The big bang raises a big question: if it was the explosion that created the universe 13.7 billion years ago, what caused it?
Three researchers at the Perimeter Institute have come up with a new theory about what might have happened before the big bang. It’s a little confusing, but it’s based on good math, can be tested, and is interesting enough to be on the cover of Scientific American with the title “The Black Hole at the Beginning of Time.” They say that what we think of as the “big bang” could be the “mirage” of a collapsing star in a universe that is very different from ours.
“Cosmology’s greatest challenge is understanding the big bang itself,” write Perimeter Institute Associate Faculty member Niayesh Afshordi, Affiliate Faculty member and University of Waterloo professor Robert Mann, and PhD student Razieh Pourhasan.
Most people think that the big bang started with a singularity, which is a point in spacetime that is so hot and dense that the normal laws of physics break down. Singularities are strange, and we don’t know much about them.
“For all physicists know, dragons could have come flying out of the singularity,” Afshordi says in an interview with Nature.
The problem, as far as the authors are concerned, is that the big bang theory says that our relatively easy-to-understand, uniform, and predictable universe came from a singularity that destroyed physics. It seems unlikely. So perhaps something else happened. Maybe our universe has always been made up of more than one thing.
Their idea is that the event horizon of a black hole could be the three-dimensional “wrapping” around a four-dimensional black hole. In this theory, our universe came into being when a star in a four-dimensional universe fell into a black hole.

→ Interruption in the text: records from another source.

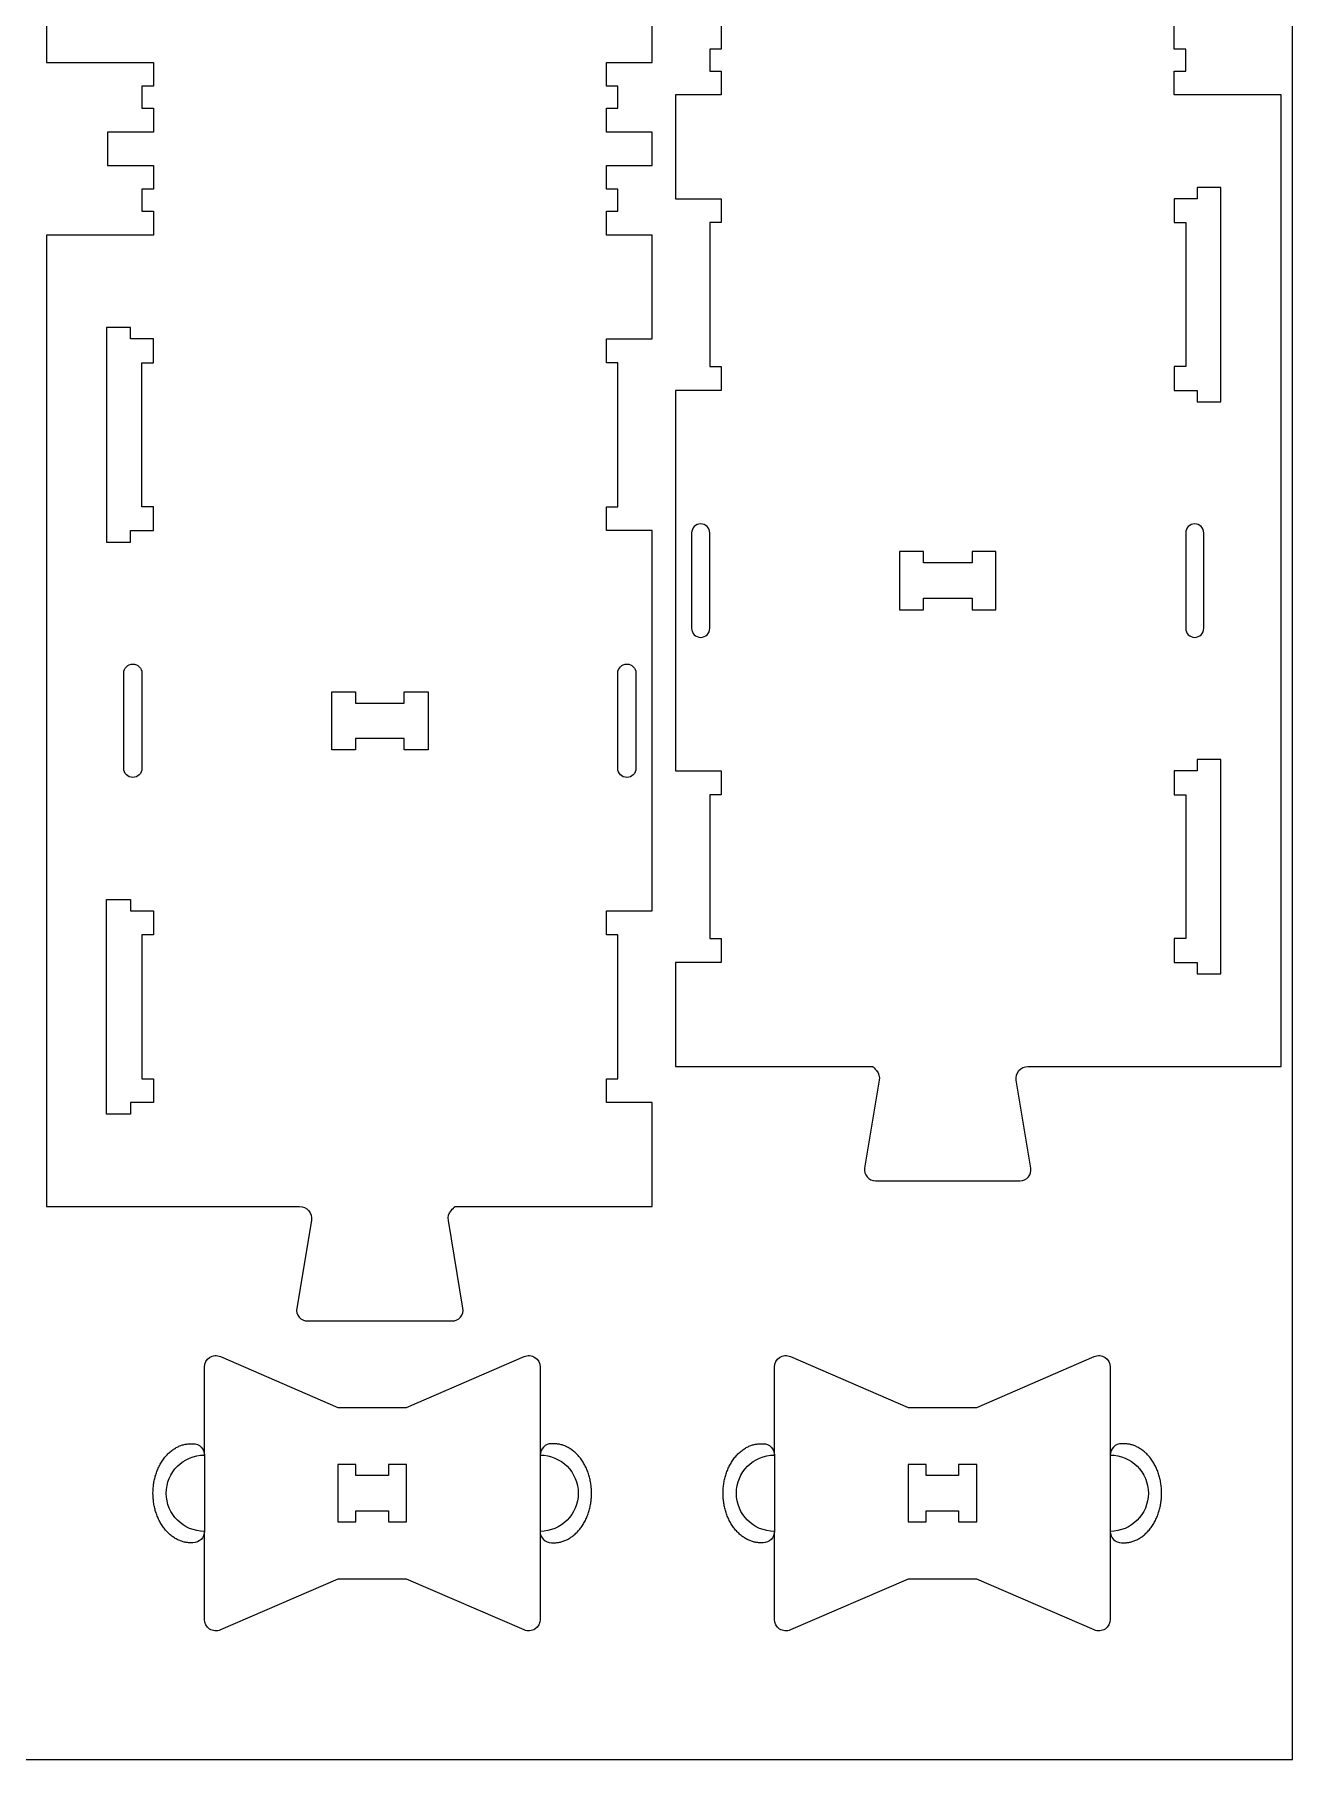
# Model space of a CAD drawing. Extents: x 0 to 12772, y 0 to 23683.
# Drawn here: x 2783 to 3443, y 1291 to 2196 of the extents above; entities that cross this region are included whole.
import ezdxf

# ---------------------------------------------------------------- set-up
doc = ezdxf.new("R2010")
doc.units = 0
for name, color, linetype in [('0_SHEET_SPRUCEPLY_2440X122', 1, 'CONTINUOUS'), ('3_ANYTOOL_CUTTHROUGH_INSID', 4, 'CONTINUOUS'), ('4_ANYTOOL_CUTTHROUGH_OUTSI', 5, 'CONTINUOUS'), ('5_ANYTOOL_HALF_MILL_9MM_IN', 3, 'CONTINUOUS')]:
    doc.layers.add(name, color=color, linetype=linetype)

msp = doc.modelspace()

# ---------------------------------------------------------------- linework, layer by layer
at = {"layer": '0_SHEET_SPRUCEPLY_2440X122'}
msp.add_lwpolyline([(2222.98, 1290.9), (3442.98, 1290.9), (3442.98, 3730.9), (2222.98, 3730.9)], close=True, dxfattribs=at)
at = {"layer": '3_ANYTOOL_CUTTHROUGH_INSID'}
for points in [[(3380.98, 2109.38), (3380.98, 2096.88), (3386.98, 2096.88), (3386.98, 2021.38), (3380.98, 2021.38), (3380.98, 2008.88), (3392.98, 2008.88), (3392.98, 2002.88), (3405.48, 2002.88), (3405.48, 2115.38), (3392.98, 2115.38), (3392.98, 2109.38)], [(2821.26, 1929.38), (2833.76, 1929.38), (2833.76, 1935.38), (2845.76, 1935.38), (2845.76, 1947.88), (2839.76, 1947.88), (2839.76, 2023.38), (2845.76, 2023.38), (2845.76, 2035.88), (2833.76, 2035.88), (2833.76, 2041.88), (2821.26, 2041.88)], [(3274.98, 1924.38), (3274.98, 1918.38), (3249.48, 1918.38), (3249.48, 1924.38), (3236.98, 1924.38), (3236.98, 1893.88), (3249.48, 1893.88), (3249.48, 1899.88), (3274.98, 1899.88), (3274.98, 1893.88), (3287.48, 1893.88), (3287.48, 1924.38)], [(2951.76, 1850.88), (2951.76, 1844.88), (2977.26, 1844.88), (2977.26, 1850.88), (2989.76, 1850.88), (2989.76, 1820.38), (2977.26, 1820.38), (2977.26, 1826.38), (2951.76, 1826.38), (2951.76, 1820.38), (2939.26, 1820.38), (2939.26, 1850.88)], [(3405.48, 1702.88), (3405.48, 1815.38), (3392.98, 1815.38), (3392.98, 1809.38), (3380.98, 1809.38), (3380.98, 1796.88), (3386.98, 1796.88), (3386.98, 1721.38), (3380.98, 1721.38), (3380.98, 1708.88), (3392.98, 1708.88), (3392.98, 1702.88)], [(2821.26, 1629.38), (2821.26, 1741.88), (2833.76, 1741.88), (2833.76, 1735.88), (2845.76, 1735.88), (2845.76, 1723.38), (2839.76, 1723.38), (2839.76, 1647.88), (2845.76, 1647.88), (2845.76, 1635.38), (2833.76, 1635.38), (2833.76, 1629.38)], [(2969.06, 1439.86), (2952, 1439.79), (2952, 1445.55), (2942.53, 1445.55), (2942.53, 1415.52), (2952, 1415.52), (2952, 1421.29), (2969.06, 1421.36), (2969.06, 1415.59), (2978.53, 1415.59), (2978.53, 1445.62), (2969.06, 1445.62)], [(3267.94, 1439.86), (3250.88, 1439.79), (3250.88, 1445.55), (3241.41, 1445.55), (3241.41, 1415.52), (3250.88, 1415.52), (3250.88, 1421.29), (3267.94, 1421.36), (3267.94, 1415.59), (3277.41, 1415.59), (3277.41, 1445.62), (3267.94, 1445.62)]]:
    msp.add_lwpolyline(points, close=True, dxfattribs=at)
for points in [[(3127.98, 1934.13), (3127.98, 1884.13, 1), (3137.48, 1884.13), (3137.48, 1934.13, 1)], [(3386.98, 1934.13), (3386.98, 1884.13, 1), (3396.48, 1884.13), (3396.48, 1934.13, 1)], [(2839.76, 1860.63), (2839.76, 1810.63, -1), (2830.26, 1810.63), (2830.26, 1860.63, -1)], [(3098.76, 1860.63), (3098.76, 1810.63, -1), (3089.26, 1810.63), (3089.26, 1860.63, -1)]]:
    msp.add_lwpolyline(points, format="xyb", close=True, dxfattribs=at)
at = {"layer": '4_ANYTOOL_CUTTHROUGH_OUTSI'}
for points in [[(2789.76, 2690.38), (2789.76, 2180.88), (2845.76, 2180.88), (2845.76, 2168.38), (2839.76, 2168.38), (2839.76, 2156.88), (2845.76, 2156.88), (2845.76, 2144.38), (2821.76, 2144.38), (2821.76, 2126.88), (2845.76, 2126.88), (2845.76, 2114.38), (2839.76, 2114.38), (2839.76, 2102.88), (2845.76, 2102.88), (2845.76, 2090.38), (2789.76, 2090.38), (2789.76, 1580.88), (2922.43, 1580.88), (2922.43, 1580.88, -0.463455), (2928.59, 1573.6), (2920.92, 1527.57, 0.463455), (2926.59, 1520.88), (3002.43, 1520.88, 0.463455), (3008.1, 1527.57), (3000.43, 1573.6, -0.220464), (3001.82, 1578.67), (3002.49, 1579.45), (3003.06, 1580.08), (3003.29, 1580.33), (3003.49, 1580.53), (3003.57, 1580.61), (3003.65, 1580.68), (3003.69, 1580.71), (3003.72, 1580.74), (3003.76, 1580.76), (3003.77, 1580.78), (3003.79, 1580.79), (3003.81, 1580.8), (3003.83, 1580.82), (3003.84, 1580.82), (3003.85, 1580.83), (3003.86, 1580.83), (3003.87, 1580.84), (3003.87, 1580.84), (3003.88, 1580.84), (3003.89, 1580.85), (3003.9, 1580.85), (3003.91, 1580.85), (3003.92, 1580.86), (3003.92, 1580.86), (3003.93, 1580.86), (3003.94, 1580.86), (3003.94, 1580.86), (3003.95, 1580.87), (3003.96, 1580.87), (3003.97, 1580.87), (3003.98, 1580.87), (3003.98, 1580.87), (3003.99, 1580.87), (3004, 1580.87), (3004.01, 1580.88), (3004.02, 1580.88), (3107.26, 1580.88), (3107.26, 1635.38), (3083.26, 1635.38), (3083.26, 1647.88), (3089.26, 1647.88), (3089.26, 1723.38), (3083.26, 1723.38), (3083.26, 1735.88), (3107.26, 1735.88), (3107.26, 1935.38), (3083.26, 1935.38), (3083.26, 1947.88), (3089.26, 1947.88), (3089.26, 2023.38), (3083.26, 2023.38), (3083.26, 2035.88), (3107.26, 2035.88), (3107.26, 2090.38), (3083.26, 2090.38), (3083.26, 2102.88), (3089.26, 2102.88), (3089.26, 2114.38), (3083.26, 2114.38), (3083.26, 2126.88), (3107.26, 2126.88), (3107.26, 2144.38), (3083.26, 2144.38), (3083.26, 2156.88), (3089.26, 2156.88), (3089.26, 2168.38), (3083.26, 2168.38), (3083.26, 2180.88), (3107.26, 2180.88), (3107.26, 2235.38)], [(3143.48, 2200.38), (3143.48, 2187.88), (3137.48, 2187.88), (3137.48, 2176.38), (3143.48, 2176.38), (3143.48, 2163.88), (3119.48, 2163.88), (3119.48, 2109.38), (3143.48, 2109.38), (3143.48, 2096.88), (3137.48, 2096.88), (3137.48, 2021.38), (3143.48, 2021.38), (3143.48, 2008.88), (3119.48, 2008.88), (3119.48, 1809.38), (3143.48, 1809.38), (3143.48, 1796.88), (3137.48, 1796.88), (3137.48, 1721.38), (3143.48, 1721.38), (3143.48, 1708.88), (3119.48, 1708.88), (3119.48, 1654.38), (3222.72, 1654.38), (3222.72, 1654.38), (3222.73, 1654.38), (3222.74, 1654.37), (3222.75, 1654.37), (3222.76, 1654.37), (3222.76, 1654.37), (3222.77, 1654.37), (3222.78, 1654.37), (3222.79, 1654.37), (3222.8, 1654.36), (3222.8, 1654.36), (3222.81, 1654.36), (3222.82, 1654.36), (3222.82, 1654.36), (3222.83, 1654.35), (3222.84, 1654.35), (3222.85, 1654.35), (3222.86, 1654.34), (3222.87, 1654.34), (3222.88, 1654.33), (3222.88, 1654.33), (3222.89, 1654.32), (3222.91, 1654.32), (3222.93, 1654.3), (3222.95, 1654.29), (3222.97, 1654.28), (3222.98, 1654.26), (3223.02, 1654.24), (3223.05, 1654.21), (3223.09, 1654.18), (3223.17, 1654.11), (3223.24, 1654.03), (3223.45, 1653.83), (3223.68, 1653.58), (3224.25, 1652.95), (3224.92, 1652.17, -0.220464), (3226.31, 1647.1), (3218.64, 1601.07, 0.463455), (3224.31, 1594.38), (3300.15, 1594.38, 0.463455), (3305.82, 1601.07), (3298.15, 1647.1, -0.463455), (3304.31, 1654.38), (3436.98, 1654.38), (3436.98, 2163.88), (3380.98, 2163.88), (3380.98, 2176.38), (3386.98, 2176.38), (3386.98, 2187.88), (3380.98, 2187.88), (3380.98, 2200.38)]]:
    msp.add_lwpolyline(points, format="xyb", dxfattribs=at)
for points in [[(3048.53, 1364.34, -0.539734), (3040.15, 1358.84), (2978.53, 1385.54), (2942.53, 1385.54), (2880.92, 1358.84, -0.539734), (2872.53, 1364.34), (2872.53, 1410.54, -1), (2872.53, 1450.54), (2872.53, 1496.73, -0.539734), (2880.92, 1502.24), (2942.53, 1475.54), (2978.53, 1475.54), (3040.15, 1502.24, -0.539734), (3048.53, 1496.73), (3048.53, 1450.54, -1), (3048.53, 1410.54)], [(3347.41, 1364.34, -0.539734), (3339.03, 1358.84), (3277.41, 1385.54), (3241.41, 1385.54), (3179.8, 1358.84, -0.539734), (3171.41, 1364.34), (3171.41, 1410.54, -1), (3171.41, 1450.54), (3171.41, 1496.73, -0.539734), (3179.8, 1502.24), (3241.41, 1475.54), (3277.41, 1475.54), (3339.03, 1502.24, -0.539734), (3347.41, 1496.73), (3347.41, 1450.54, -1), (3347.41, 1410.54)]]:
    msp.add_lwpolyline(points, format="xyb", close=True, dxfattribs=at)
at = {"layer": '5_ANYTOOL_HALF_MILL_9MM_IN'}
for points in [[(2865.55, 1404.52), (2865.1, 1404.53), (2864.65, 1404.55), (2864.2, 1404.58), (2863.75, 1404.63), (2863.29, 1404.69), (2862.83, 1404.76), (2862.37, 1404.85), (2861.91, 1404.96), (2861.45, 1405.08), (2860.98, 1405.21), (2860.52, 1405.36), (2860.05, 1405.53), (2859.58, 1405.71), (2859.12, 1405.91), (2858.65, 1406.12), (2858.19, 1406.35), (2857.73, 1406.6), (2857.28, 1406.86), (2856.82, 1407.14), (2856.37, 1407.43), (2855.92, 1407.74), (2855.48, 1408.06), (2855.05, 1408.41), (2854.62, 1408.76), (2854.19, 1409.13), (2853.77, 1409.52), (2853.36, 1409.92), (2852.96, 1410.34), (2852.56, 1410.77), (2852.17, 1411.21), (2851.79, 1411.67), (2851.42, 1412.14), (2851.06, 1412.62), (2850.71, 1413.12), (2850.37, 1413.62), (2850.04, 1414.14), (2849.72, 1414.66), (2849.41, 1415.2), (2849.11, 1415.74), (2848.83, 1416.3), (2848.55, 1416.86), (2848.29, 1417.43), (2848.04, 1418), (2847.8, 1418.58), (2847.58, 1419.17), (2847.36, 1419.76), (2847.16, 1420.36), (2846.97, 1420.95), (2846.8, 1421.56), (2846.63, 1422.16), (2846.48, 1422.76), (2846.34, 1423.37), (2846.21, 1423.98), (2846.1, 1424.58), (2846, 1425.19), (2845.9, 1425.79), (2845.82, 1426.4), (2845.76, 1427), (2845.7, 1427.59), (2845.65, 1428.19), (2845.62, 1428.78), (2845.59, 1429.37), (2845.57, 1430.52), (2845.59, 1431.68), (2845.62, 1432.27), (2845.65, 1432.86), (2845.7, 1433.45), (2845.76, 1434.05), (2845.83, 1434.65), (2845.91, 1435.26), (2846, 1435.86), (2846.1, 1436.47), (2846.22, 1437.07), (2846.34, 1437.68), (2846.48, 1438.28), (2846.64, 1438.89), (2846.8, 1439.49), (2846.98, 1440.09), (2847.17, 1440.69), (2847.37, 1441.29), (2847.58, 1441.88), (2847.81, 1442.47), (2848.05, 1443.05), (2848.3, 1443.62), (2848.56, 1444.19), (2848.84, 1444.75), (2849.12, 1445.31), (2849.42, 1445.85), (2849.73, 1446.39), (2850.05, 1446.91), (2850.38, 1447.43), (2850.72, 1447.93), (2851.07, 1448.43), (2851.44, 1448.91), (2851.81, 1449.38), (2852.19, 1449.84), (2852.58, 1450.28), (2852.97, 1450.71), (2853.38, 1451.13), (2853.79, 1451.53), (2854.21, 1451.91), (2854.64, 1452.29), (2855.07, 1452.64), (2855.51, 1452.98), (2855.95, 1453.31), (2856.4, 1453.62), (2856.85, 1453.91), (2857.31, 1454.19), (2857.76, 1454.45), (2858.23, 1454.7), (2858.69, 1454.93), (2859.15, 1455.14), (2859.62, 1455.34), (2860.09, 1455.52), (2860.55, 1455.69), (2861.02, 1455.84), (2861.49, 1455.97), (2861.95, 1456.09), (2862.42, 1456.19), (2862.88, 1456.28), (2863.34, 1456.36), (2863.8, 1456.42), (2864.25, 1456.47), (2864.7, 1456.5), (2865.15, 1456.52), (2865.6, 1456.52), (2866.53, 1456.52, -0.413668), (2872.53, 1450.54), (2872.53, 1410.54, -0.41476), (2866.53, 1404.52)], [(3055.52, 1404.52), (3055.97, 1404.53), (3056.41, 1404.55), (3056.86, 1404.58), (3057.32, 1404.63), (3057.77, 1404.69), (3058.23, 1404.76), (3058.69, 1404.85), (3059.16, 1404.96), (3059.62, 1405.08), (3060.09, 1405.21), (3060.55, 1405.36), (3061.02, 1405.53), (3061.48, 1405.71), (3061.95, 1405.91), (3062.41, 1406.12), (3062.88, 1406.35), (3063.33, 1406.6), (3063.79, 1406.86), (3064.25, 1407.14), (3064.7, 1407.43), (3065.14, 1407.74), (3065.58, 1408.06), (3066.02, 1408.41), (3066.45, 1408.76), (3066.88, 1409.13), (3067.3, 1409.52), (3067.71, 1409.92), (3068.11, 1410.34), (3068.51, 1410.77), (3068.9, 1411.21), (3069.28, 1411.67), (3069.65, 1412.14), (3070.01, 1412.62), (3070.36, 1413.12), (3070.7, 1413.62), (3071.03, 1414.14), (3071.35, 1414.66), (3071.66, 1415.2), (3071.96, 1415.74), (3072.24, 1416.3), (3072.51, 1416.86), (3072.78, 1417.43), (3073.03, 1418), (3073.27, 1418.58), (3073.49, 1419.17), (3073.7, 1419.76), (3073.91, 1420.36), (3074.09, 1420.95), (3074.27, 1421.56), (3074.43, 1422.16), (3074.59, 1422.76), (3074.73, 1423.37), (3074.85, 1423.98), (3074.97, 1424.58), (3075.07, 1425.19), (3075.16, 1425.79), (3075.24, 1426.4), (3075.31, 1427), (3075.37, 1427.59), (3075.42, 1428.19), (3075.45, 1428.78), (3075.48, 1429.37), (3075.5, 1430.52), (3075.48, 1431.68), (3075.45, 1432.27), (3075.42, 1432.86), (3075.37, 1433.45), (3075.31, 1434.05), (3075.24, 1434.65), (3075.16, 1435.26), (3075.07, 1435.86), (3074.97, 1436.47), (3074.85, 1437.07), (3074.72, 1437.68), (3074.58, 1438.28), (3074.43, 1438.89), (3074.27, 1439.49), (3074.09, 1440.09), (3073.9, 1440.69), (3073.7, 1441.29), (3073.49, 1441.88), (3073.26, 1442.47), (3073.02, 1443.05), (3072.77, 1443.62), (3072.51, 1444.19), (3072.23, 1444.75), (3071.95, 1445.31), (3071.65, 1445.85), (3071.34, 1446.39), (3071.02, 1446.91), (3070.69, 1447.43), (3070.34, 1447.93), (3069.99, 1448.43), (3069.63, 1448.91), (3069.26, 1449.38), (3068.88, 1449.84), (3068.49, 1450.28), (3068.09, 1450.71), (3067.69, 1451.13), (3067.27, 1451.53), (3066.86, 1451.91), (3066.43, 1452.29), (3066, 1452.64), (3065.56, 1452.98), (3065.12, 1453.31), (3064.67, 1453.62), (3064.22, 1453.91), (3063.76, 1454.19), (3063.3, 1454.45), (3062.84, 1454.7), (3062.38, 1454.93), (3061.91, 1455.14), (3061.45, 1455.34), (3060.98, 1455.52), (3060.51, 1455.69), (3060.05, 1455.84), (3059.58, 1455.97), (3059.11, 1456.09), (3058.65, 1456.19), (3058.19, 1456.28), (3057.73, 1456.36), (3057.27, 1456.42), (3056.82, 1456.47), (3056.36, 1456.5), (3055.92, 1456.52), (3055.47, 1456.52), (3054.53, 1456.52, 0.413668), (3048.53, 1450.54), (3048.53, 1410.54, 0.41476), (3054.53, 1404.52)], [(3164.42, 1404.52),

In our three-dimensional universe, black holes have two-dimensional event horizons. This means that they are surrounded by a two-dimensional boundary that marks the “point of no return.” In a universe with four dimensions, a black hole would have an event horizon that is three-dimensional.
In their idea, our universe was never inside the singularity. Instead, it was created outside an event horizon, which kept it safe from the singularity. It started out as one part of a four-dimensional star that exploded, and it still is.
The researchers say that even though this idea may sound “strange,” it is based on the best math we have today for describing space and time. In particular, they have used holography tools to “make the big bang look like a cosmic mirage.” Along the way, their model seems to answer questions that have been around for a long time and, most importantly, makes predictions that can be tested.
The idea that everything and everyone we know came from the event horizon of a single four-dimensional black hole goes against our natural instincts. We have no idea what a universe with four dimensions might look like. We don’t know how a “parent” universe with four dimensions came to be.
But, the researchers say, our fallible intuitions evolved in a three-dimensional world that may only show us shadows of reality.
They compare it to Plato’s allegory of the cave, in which prisoners only see the flickering shadows of a fire on the wall of a cave for their whole lives.
“Their shackles have prevented them from perceiving the true world, a realm with one additional dimension,” they write. “Plato’s prisoners didn’t understand the powers behind the sun, just as we don’t understand the four-dimensional bulk universe. But at least they knew where to look for answers.”